• BRIEF
Your answer should consist of the lines below that hold the word "InputSameDT".
(RECORDS FOR THE TASK begins)
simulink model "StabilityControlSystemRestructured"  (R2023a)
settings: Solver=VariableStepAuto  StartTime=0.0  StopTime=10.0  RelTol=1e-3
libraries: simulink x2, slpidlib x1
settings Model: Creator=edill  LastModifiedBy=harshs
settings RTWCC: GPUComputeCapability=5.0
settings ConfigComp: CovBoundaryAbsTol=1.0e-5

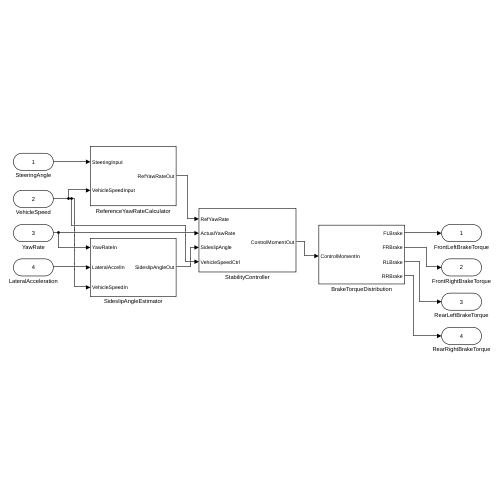
[thumbnail: Simulink's stored preview of the top-level diagram]
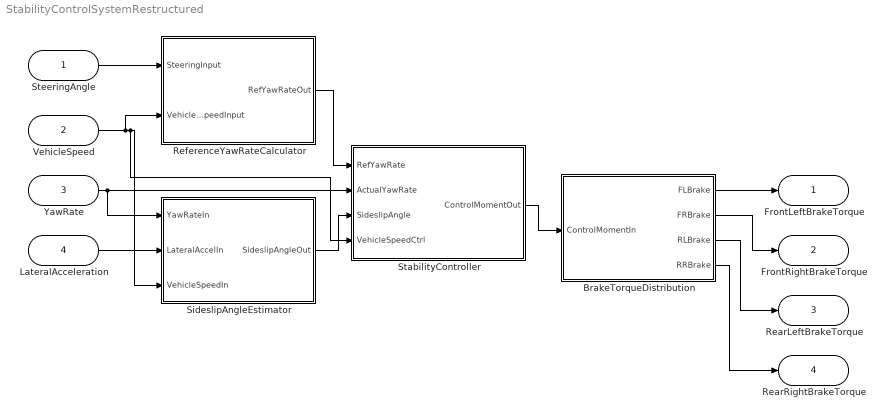
== system StabilityControlSystemRestructured ==
  SteeringAngle : Inport
  VehicleSpeed : Inport  Port=2
  YawRate : Inport  Port=3
  LateralAcceleration : Inport  Port=4
  BrakeTorqueDistribution : Subsystem
  ReferenceYawRateCalculator : Subsystem
  SideslipAngleEstimator : Subsystem
  StabilityController : Subsystem
  FrontLeftBrakeTorque : Outport
  FrontRightBrakeTorque : Outport  Port=2
  RearLeftBrakeTorque : Outport  Port=3
  RearRightBrakeTorque : Outport  Port=4
  wires:
  SideslipAngleEstimator/1(SideslipAngleOut) -> StabilityController/3(SideslipAngle)
  SteeringAngle/1 -> ReferenceYawRateCalculator/1(SteeringInput)
  VehicleSpeed/1 -> SideslipAngleEstimator/3(VehicleSpeedIn), StabilityController/4(VehicleSpeedCtrl), ReferenceYawRateCalculator/2(VehicleSpeedInput)
  BrakeTorqueDistribution/1(FLBrake) -> FrontLeftBrakeTorque/1
  YawRate/1 -> StabilityController/2(ActualYawRate), SideslipAngleEstimator/1(YawRateIn)
  LateralAcceleration/1 -> SideslipAngleEstimator/2(LateralAccelIn)
  ReferenceYawRateCalculator/1(RefYawRateOut) -> StabilityController/1(RefYawRate)
  StabilityController/1(ControlMomentOut) -> BrakeTorqueDistribution/1(ControlMomentIn)
  BrakeTorqueDistribution/2(FRBrake) -> FrontRightBrakeTorque/1
  BrakeTorqueDistribution/3(RLBrake) -> RearLeftBrakeTorque/1
  BrakeTorqueDistribution/4(RRBrake) -> RearRightBrakeTorque/1

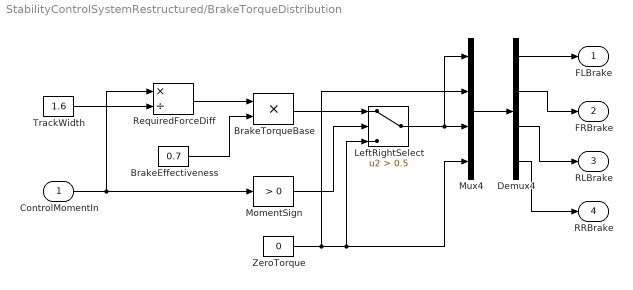
== system StabilityControlSystemRestructured/BrakeTorqueDistribution ==
  ControlMomentIn : Inport
  BrakeEffectiveness : Constant  Value=0.7
  BrakeTorqueBase : Product
  Demux4 : Demux
  LeftRightSelect : Switch  Criteria=u2 > Threshold  Threshold=0.5  SaturateOnIntegerOverflow=off  InputSameDT=off
  MomentSign : simulink/Logic and Bit Operations/Compare To Zero  relop=>  OutDataTypeStr=boolean
  Mux4 : Mux
  RequiredForceDiff : Product  Inputs=*/
  TrackWidth : Constant  Value=1.6
  ZeroTorque : Constant  Value=0
  FLBrake : Outport
  FRBrake : Outport  Port=2
  RLBrake : Outport  Port=3
  RRBrake : Outport  Port=4
  wires:
  Demux4/3 -> RLBrake/1
  TrackWidth/1 -> RequiredForceDiff/2
  ControlMomentIn/1 -> MomentSign/1, RequiredForceDiff/1
  RequiredForceDiff/1 -> BrakeTorqueBase/1
  BrakeEffectiveness/1 -> BrakeTorqueBase/2
  LeftRightSelect/1 -> Mux4/1, Mux4/3
  MomentSign/1 -> LeftRightSelect/2
  BrakeTorqueBase/1 -> LeftRightSelect/1
  ZeroTorque/1 -> Mux4/4, LeftRightSelect/3, Mux4/2
  Mux4/1 -> Demux4/1
  Demux4/1 -> FLBrake/1
  Demux4/2 -> FRBrake/1
  Demux4/4 -> RRBrake/1

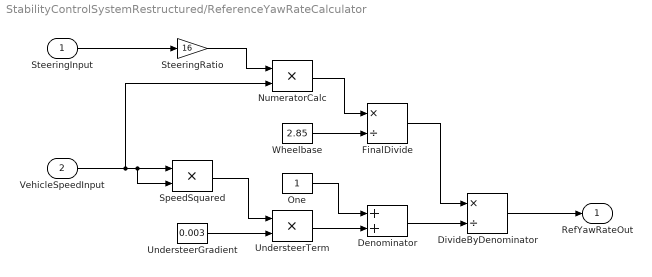
== system StabilityControlSystemRestructured/ReferenceYawRateCalculator ==
  SteeringInput : Inport
  VehicleSpeedInput : Inport  Port=2
  Denominator : Sum
  DivideByDenominator : Product  Inputs=*/
  FinalDivide : Product  Inputs=*/
  NumeratorCalc : Product
  One : Constant
  SpeedSquared : Product
  SteeringRatio : Gain  Gain=16
  UndersteerGradient : Constant  Value=0.003
  UndersteerTerm : Product
  Wheelbase : Constant  Value=2.85
  RefYawRateOut : Outport
  wires:
  VehicleSpeedInput/1 -> SpeedSquared/2, SpeedSquared/1, NumeratorCalc/2
  SteeringInput/1 -> SteeringRatio/1
  SteeringRatio/1 -> NumeratorCalc/1
  One/1 -> Denominator/1
  SpeedSquared/1 -> UndersteerTerm/1
  NumeratorCalc/1 -> FinalDivide/1
  UndersteerGradient/1 -> UndersteerTerm/2
  Wheelbase/1 -> FinalDivide/2
  UndersteerTerm/1 -> Denominator/2
  FinalDivide/1 -> DivideByDenominator/1
  Denominator/1 -> DivideByDenominator/2
  DivideByDenominator/1 -> RefYawRateOut/1

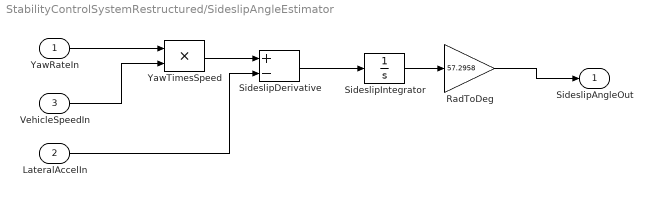
== system StabilityControlSystemRestructured/SideslipAngleEstimator ==
  YawRateIn : Inport
  LateralAccelIn : Inport  Port=2
  VehicleSpeedIn : Inport  Port=3
  RadToDeg : Gain  Gain=57.2958
  SideslipDerivative : Sum  Inputs=+-
  SideslipIntegrator : Integrator
  YawTimesSpeed : Product
  SideslipAngleOut : Outport
  wires:
  YawTimesSpeed/1 -> SideslipDerivative/1
  SideslipDerivative/1 -> SideslipIntegrator/1
  SideslipIntegrator/1 -> RadToDeg/1
  LateralAccelIn/1 -> SideslipDerivative/2
  YawRateIn/1 -> YawTimesSpeed/1
  RadToDeg/1 -> SideslipAngleOut/1
  VehicleSpeedIn/1 -> YawTimesSpeed/2

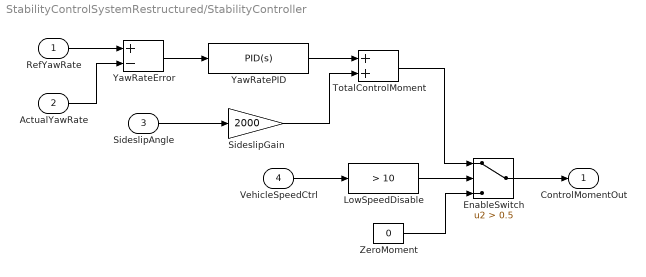
== system StabilityControlSystemRestructured/StabilityController ==
  RefYawRate : Inport
  ActualYawRate : Inport  Port=2
  SideslipAngle : Inport  Port=3
  VehicleSpeedCtrl : Inport  Port=4
  EnableSwitch : Switch  Criteria=u2 > Threshold  Threshold=0.5  SaturateOnIntegerOverflow=off  InputSameDT=off
  LowSpeedDisable : simulink/Logic and Bit Operations/Compare To Constant  relop=>  const=10  OutDataTypeStr=boolean
  SideslipGain : Gain  Gain=2000
  TotalControlMoment : Sum
  YawRateError : Sum  Inputs=+-
  YawRatePID : slpidlib/PID Controller  Controller=PID  Form=Parallel  TimeDomain=Continuous-time  UseExternalTs=off  SampleTime=-1  IntegratorMethod=Forward Euler  FilterMethod=Forward Euler  ControllerParametersSource=internal  P=5000  I=1000  UseKiTs=off  D=100  N=100  UseFilter=on  TunerSelectOption=Transfer Function Based (PID Tuner App)  InitialConditionSource=internal  InitialConditionForIntegrator=0  InitialConditionForFilter=0  DifferentiatorICPrevScaledInput=0  ExternalReset=none  TrackingMode=off  Kt=1  LimitOutput=off  SatLimitsSource=internal  UpperSaturationLimit=inf  LowerSaturationLimit=-inf  LinearizeAsGain=on  AntiWindupMode=none  Kb=1  LimitIntegrator=off  UpperIntegratorSaturationLimit=inf  LowerIntegratorSaturationLimit=-inf  POutMin=[]  POutMax=[]  IOutMin=[]  IOutMax=[]  DOutMin=[]  DOutMax=[]  NOutMin=[]  NOutMax=[]  SumOutMin=[]  SumOutMax=[]  SaturationOutMin=[]  SaturationOutMax=[]  PParamMin=[]  PParamMax=[]  IParamMin=[]  IParamMax=[]  DParamMin=[]  DParamMax=[]  NParamMin=[]  NParamMax=[]  KbParamMin=[]  KbParamMax=[]  KtParamMin=[]  KtParamMax=[]  KbOutMin=[]  KbOutMax=[]  KtOutMin=[]  KtOutMax=[]  IntegratorOutMin=[]  IntegratorOutMax=[]  FilterOutMin=[]  FilterOutMax=[]  SumI1OutMin=[]  SumI1OutMax=[]  SumI2OutMin=[]  SumI2OutMax=[]  SumI3OutMin=[]  SumI3OutMax=[]  SumI4OutMin=[]  SumI4OutMax=[]  SumDOutMin=[]  SumDOutMax=[]  DifferentiatorOutMin=[]  DifferentiatorOutMax=[]  FilterDiffOutCoefMin=[]  FilterDiffOutCoefMax=[]  ReciprocalOutMin=[]  ReciprocalOutMax=[]  SumDenOutMin=[]  SumDenOutMax=[]  SumNumOutMin=[]  SumNumOutMax=[]  DivideOutMin=[]  DivideOutMax=[]  UdiffTsProdOutMin=[]  UdiffTsProdOutMax=[]  NTsProdOutMin=[]  NTsProdOutMax=[]  UintegralTsProdOutMin=[]  UintegralTsProdOutMax=[]  UngainTsProdOutMin=[]  UngainTsProdOutMax=[]  ClampingZeroOutDataTypeStr=Inherit: Inherit via back propagation  ClampingZeroOutMin=[]  ClampingZeroOutMax=[]  FilterDenConstantOutDataTypeStr=Inherit: Inherit via back propagation  FilterDenConstantOutMin=[]  FilterDenConstantOutMax=[]  PCopyOutDataTypeStr=Inherit: Inherit via back propagation  PCopyOutMin=[]  PCopyOutMax=[]  NCopyOutDataTypeStr=Inherit: Inherit via back propagation  NCopyOutMin=[]  NCopyOutMax=[]  IntegratorContinuousStateAttributes=''  IntegratorStateMustResolveToSignalObject=off  IntegratorRTWStateStorageClass=Auto  FilterContinuousStateAttributes=''  FilterStateMustResolveToSignalObject=off  FilterRTWStateStorageClass=Auto  ParallelPVariant=InternalParameters  IdealPVariant=Disabled  IVariant=InternalParameters  DVariant=InternalParameters  IntegratorVariant=Continuous  SatVariant=Disabled  AWVariant=Passthrough  PCopyVariant=Disabled  TRVariant=Disabled  FdbkBlocksVariant=Forward  IdealPFdbkVariant=Disabled  SatFdbkVariant=Disabled  DerivativeFilterVariant=ContFilter  NVariant=InternalParameters  NCopyVariant=Disabled  FilterICVariant=InternalICsFilter  IntegratorICVariant=InternalICs  ExternalResetVariant=Disabled  TRSumVariant=Passthrough  SumFdbkVariant=Disabled  SumVariant=Sum_PID  TsampFilterVariant=InternalTs  TsampNgainVariant=Passthrough  TsampIntegralVariant=Disabled_SignalSpec  ExternalSaturationOutDataTypeStr=Inherit: Same as second input
  ZeroMoment : Constant  Value=0
  ControlMomentOut : Outport
  wires:
  RefYawRate/1 -> YawRateError/1
  VehicleSpeedCtrl/1 -> LowSpeedDisable/1
  YawRatePID/1 -> TotalControlMoment/1
  YawRateError/1 -> YawRatePID/1
  ActualYawRate/1 -> YawRateError/2
  SideslipAngle/1 -> SideslipGain/1
  SideslipGain/1 -> TotalControlMoment/2
  TotalControlMoment/1 -> EnableSwitch/1
  LowSpeedDisable/1 -> EnableSwitch/2
  ZeroMoment/1 -> EnableSwitch/3
  EnableSwitch/1 -> ControlMomentOut/1
(RECORDS FOR THE TASK ends)
• RESPONSE TO THIS TASK
  LeftRightSelect : Switch  Criteria=u2 > Threshold  Threshold=0.5  SaturateOnIntegerOverflow=off  InputSameDT=off
  EnableSwitch : Switch  Criteria=u2 > Threshold  Threshold=0.5  SaturateOnIntegerOverflow=off  InputSameDT=off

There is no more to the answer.